### Work request
Your response should contain every record below, copied exactly.
START Recorded information
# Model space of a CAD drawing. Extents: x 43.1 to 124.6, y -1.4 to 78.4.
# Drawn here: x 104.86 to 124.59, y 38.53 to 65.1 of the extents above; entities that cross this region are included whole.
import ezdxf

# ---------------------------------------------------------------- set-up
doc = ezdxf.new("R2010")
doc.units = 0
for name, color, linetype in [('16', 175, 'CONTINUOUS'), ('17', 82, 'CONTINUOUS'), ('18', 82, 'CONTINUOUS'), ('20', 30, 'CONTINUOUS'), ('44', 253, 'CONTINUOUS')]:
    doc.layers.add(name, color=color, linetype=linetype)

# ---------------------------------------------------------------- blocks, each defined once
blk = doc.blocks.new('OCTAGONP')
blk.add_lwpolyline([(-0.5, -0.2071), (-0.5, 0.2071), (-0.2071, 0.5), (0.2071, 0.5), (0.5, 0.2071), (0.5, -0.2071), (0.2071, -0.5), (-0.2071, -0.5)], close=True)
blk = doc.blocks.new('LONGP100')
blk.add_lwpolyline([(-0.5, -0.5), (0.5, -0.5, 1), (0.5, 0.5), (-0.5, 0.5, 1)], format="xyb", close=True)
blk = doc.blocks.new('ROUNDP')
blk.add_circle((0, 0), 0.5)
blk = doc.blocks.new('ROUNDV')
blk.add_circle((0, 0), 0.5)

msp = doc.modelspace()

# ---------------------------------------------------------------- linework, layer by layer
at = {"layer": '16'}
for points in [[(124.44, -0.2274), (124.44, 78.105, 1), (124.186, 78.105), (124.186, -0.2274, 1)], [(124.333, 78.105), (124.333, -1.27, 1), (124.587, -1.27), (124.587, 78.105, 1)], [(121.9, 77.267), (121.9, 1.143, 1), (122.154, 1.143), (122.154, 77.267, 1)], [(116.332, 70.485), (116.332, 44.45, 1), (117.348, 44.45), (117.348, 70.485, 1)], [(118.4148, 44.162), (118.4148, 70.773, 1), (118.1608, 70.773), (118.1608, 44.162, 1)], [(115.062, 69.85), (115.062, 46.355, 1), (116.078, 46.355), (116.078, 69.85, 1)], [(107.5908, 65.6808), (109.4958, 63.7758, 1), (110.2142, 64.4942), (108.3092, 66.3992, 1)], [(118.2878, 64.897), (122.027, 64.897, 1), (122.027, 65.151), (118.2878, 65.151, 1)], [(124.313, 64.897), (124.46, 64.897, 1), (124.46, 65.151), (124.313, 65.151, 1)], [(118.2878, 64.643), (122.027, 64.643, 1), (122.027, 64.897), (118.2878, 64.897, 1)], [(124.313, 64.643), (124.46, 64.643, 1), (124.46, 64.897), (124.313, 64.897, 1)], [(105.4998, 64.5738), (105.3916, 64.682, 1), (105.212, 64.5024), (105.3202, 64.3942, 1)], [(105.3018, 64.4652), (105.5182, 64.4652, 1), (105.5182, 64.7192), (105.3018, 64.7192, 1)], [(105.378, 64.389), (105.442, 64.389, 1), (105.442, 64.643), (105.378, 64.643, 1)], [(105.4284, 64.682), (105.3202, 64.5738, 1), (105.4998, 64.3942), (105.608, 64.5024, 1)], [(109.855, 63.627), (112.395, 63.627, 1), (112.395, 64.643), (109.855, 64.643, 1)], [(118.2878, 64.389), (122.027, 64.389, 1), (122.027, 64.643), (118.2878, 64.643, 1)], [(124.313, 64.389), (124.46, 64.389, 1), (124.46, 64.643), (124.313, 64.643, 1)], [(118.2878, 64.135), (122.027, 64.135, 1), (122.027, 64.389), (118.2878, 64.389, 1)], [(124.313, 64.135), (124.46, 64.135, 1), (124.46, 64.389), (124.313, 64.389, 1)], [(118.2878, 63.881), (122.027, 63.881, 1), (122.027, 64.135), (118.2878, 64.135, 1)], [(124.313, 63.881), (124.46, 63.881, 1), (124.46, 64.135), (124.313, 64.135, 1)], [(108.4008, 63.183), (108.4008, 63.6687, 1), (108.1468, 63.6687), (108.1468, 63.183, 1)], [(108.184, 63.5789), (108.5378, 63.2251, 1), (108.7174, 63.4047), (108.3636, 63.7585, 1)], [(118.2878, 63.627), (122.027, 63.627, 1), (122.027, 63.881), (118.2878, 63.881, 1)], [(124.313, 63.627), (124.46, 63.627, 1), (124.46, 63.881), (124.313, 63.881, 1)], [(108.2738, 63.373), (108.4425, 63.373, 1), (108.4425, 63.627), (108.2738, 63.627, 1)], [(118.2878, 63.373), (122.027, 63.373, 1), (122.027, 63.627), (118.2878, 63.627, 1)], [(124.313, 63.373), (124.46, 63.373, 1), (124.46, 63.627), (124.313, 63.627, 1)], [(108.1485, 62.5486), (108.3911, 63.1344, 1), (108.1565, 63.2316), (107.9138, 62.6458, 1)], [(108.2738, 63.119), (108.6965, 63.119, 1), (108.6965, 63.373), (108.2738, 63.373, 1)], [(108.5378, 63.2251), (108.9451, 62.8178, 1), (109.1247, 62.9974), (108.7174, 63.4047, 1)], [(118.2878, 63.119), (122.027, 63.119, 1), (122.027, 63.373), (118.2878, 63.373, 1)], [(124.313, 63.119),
END Recorded information
### Response area
# Model space of a CAD drawing. Extents: x 43.1 to 124.6, y -1.4 to 78.4.
# Drawn here: x 104.86 to 124.59, y 38.53 to 65.1 of the extents above; entities that cross this region are included whole.
import ezdxf

# ---------------------------------------------------------------- set-up
doc = ezdxf.new("R2010")
doc.units = 0
for name, color, linetype in [('16', 175, 'CONTINUOUS'), ('17', 82, 'CONTINUOUS'), ('18', 82, 'CONTINUOUS'), ('20', 30, 'CONTINUOUS'), ('44', 253, 'CONTINUOUS')]:
    doc.layers.add(name, color=color, linetype=linetype)

# ---------------------------------------------------------------- blocks, each defined once
blk = doc.blocks.new('OCTAGONP')
blk.add_lwpolyline([(-0.5, -0.2071), (-0.5, 0.2071), (-0.2071, 0.5), (0.2071, 0.5), (0.5, 0.2071), (0.5, -0.2071), (0.2071, -0.5), (-0.2071, -0.5)], close=True)
blk = doc.blocks.new('LONGP100')
blk.add_lwpolyline([(-0.5, -0.5), (0.5, -0.5, 1), (0.5, 0.5), (-0.5, 0.5, 1)], format="xyb", close=True)
blk = doc.blocks.new('ROUNDP')
blk.add_circle((0, 0), 0.5)
blk = doc.blocks.new('ROUNDV')
blk.add_circle((0, 0), 0.5)

msp = doc.modelspace()

# ---------------------------------------------------------------- linework, layer by layer
at = {"layer": '16'}
for points in [[(124.44, -0.2274), (124.44, 78.105, 1), (124.186, 78.105), (124.186, -0.2274, 1)], [(124.333, 78.105), (124.333, -1.27, 1), (124.587, -1.27), (124.587, 78.105, 1)], [(121.9, 77.267), (121.9, 1.143, 1), (122.154, 1.143), (122.154, 77.267, 1)], [(116.332, 70.485), (116.332, 44.45, 1), (117.348, 44.45), (117.348, 70.485, 1)], [(118.4148, 44.162), (118.4148, 70.773, 1), (118.1608, 70.773), (118.1608, 44.162, 1)], [(115.062, 69.85), (115.062, 46.355, 1), (116.078, 46.355), (116.078, 69.85, 1)], [(107.5908, 65.6808), (109.4958, 63.7758, 1), (110.2142, 64.4942), (108.3092, 66.3992, 1)], [(118.2878, 64.897), (122.027, 64.897, 1), (122.027, 65.151), (118.2878, 65.151, 1)], [(124.313, 64.897), (124.46, 64.897, 1), (124.46, 65.151), (124.313, 65.151, 1)], [(118.2878, 64.643), (122.027, 64.643, 1), (122.027, 64.897), (118.2878, 64.897, 1)], [(124.313, 64.643), (124.46, 64.643, 1), (124.46, 64.897), (124.313, 64.897, 1)], [(105.4998, 64.5738), (105.3916, 64.682, 1), (105.212, 64.5024), (105.3202, 64.3942, 1)], [(105.3018, 64.4652), (105.5182, 64.4652, 1), (105.5182, 64.7192), (105.3018, 64.7192, 1)], [(105.378, 64.389), (105.442, 64.389, 1), (105.442, 64.643), (105.378, 64.643, 1)], [(105.4284, 64.682), (105.3202, 64.5738, 1), (105.4998, 64.3942), (105.608, 64.5024, 1)], [(109.855, 63.627), (112.395, 63.627, 1), (112.395, 64.643), (109.855, 64.643, 1)], [(118.2878, 64.389), (122.027, 64.389, 1), (122.027, 64.643), (118.2878, 64.643, 1)], [(124.313, 64.389), (124.46, 64.389, 1), (124.46, 64.643), (124.313, 64.643, 1)], [(118.2878, 64.135), (122.027, 64.135, 1), (122.027, 64.389), (118.2878, 64.389, 1)], [(124.313, 64.135), (124.46, 64.135, 1), (124.46, 64.389), (124.313, 64.389, 1)], [(118.2878, 63.881), (122.027, 63.881, 1), (122.027, 64.135), (118.2878, 64.135, 1)], [(124.313, 63.881), (124.46, 63.881, 1), (124.46, 64.135), (124.313, 64.135, 1)], [(108.4008, 63.183), (108.4008, 63.6687, 1), (108.1468, 63.6687), (108.1468, 63.183, 1)], [(108.184, 63.5789), (108.5378, 63.2251, 1), (108.7174, 63.4047), (108.3636, 63.7585, 1)], [(118.2878, 63.627), (122.027, 63.627, 1), (122.027, 63.881), (118.2878, 63.881, 1)], [(124.313, 63.627), (124.46, 63.627, 1), (124.46, 63.881), (124.313, 63.881, 1)], [(108.2738, 63.373), (108.4425, 63.373, 1), (108.4425, 63.627), (108.2738, 63.627, 1)], [(118.2878, 63.373), (122.027, 63.373, 1), (122.027, 63.627), (118.2878, 63.627, 1)], [(124.313, 63.373), (124.46, 63.373, 1), (124.46, 63.627), (124.313, 63.627, 1)], [(108.1485, 62.5486), (108.3911, 63.1344, 1), (108.1565, 63.2316), (107.9138, 62.6458, 1)], [(108.2738, 63.119), (108.6965, 63.119, 1), (108.6965, 63.373), (108.2738, 63.373, 1)], [(108.5378, 63.2251), (108.9451, 62.8178, 1), (109.1247, 62.9974), (108.7174, 63.4047, 1)], [(118.2878, 63.119), (122.027, 63.119, 1), (122.027, 63.373), (118.2878, 63.373, 1)], [(124.313, 63.119),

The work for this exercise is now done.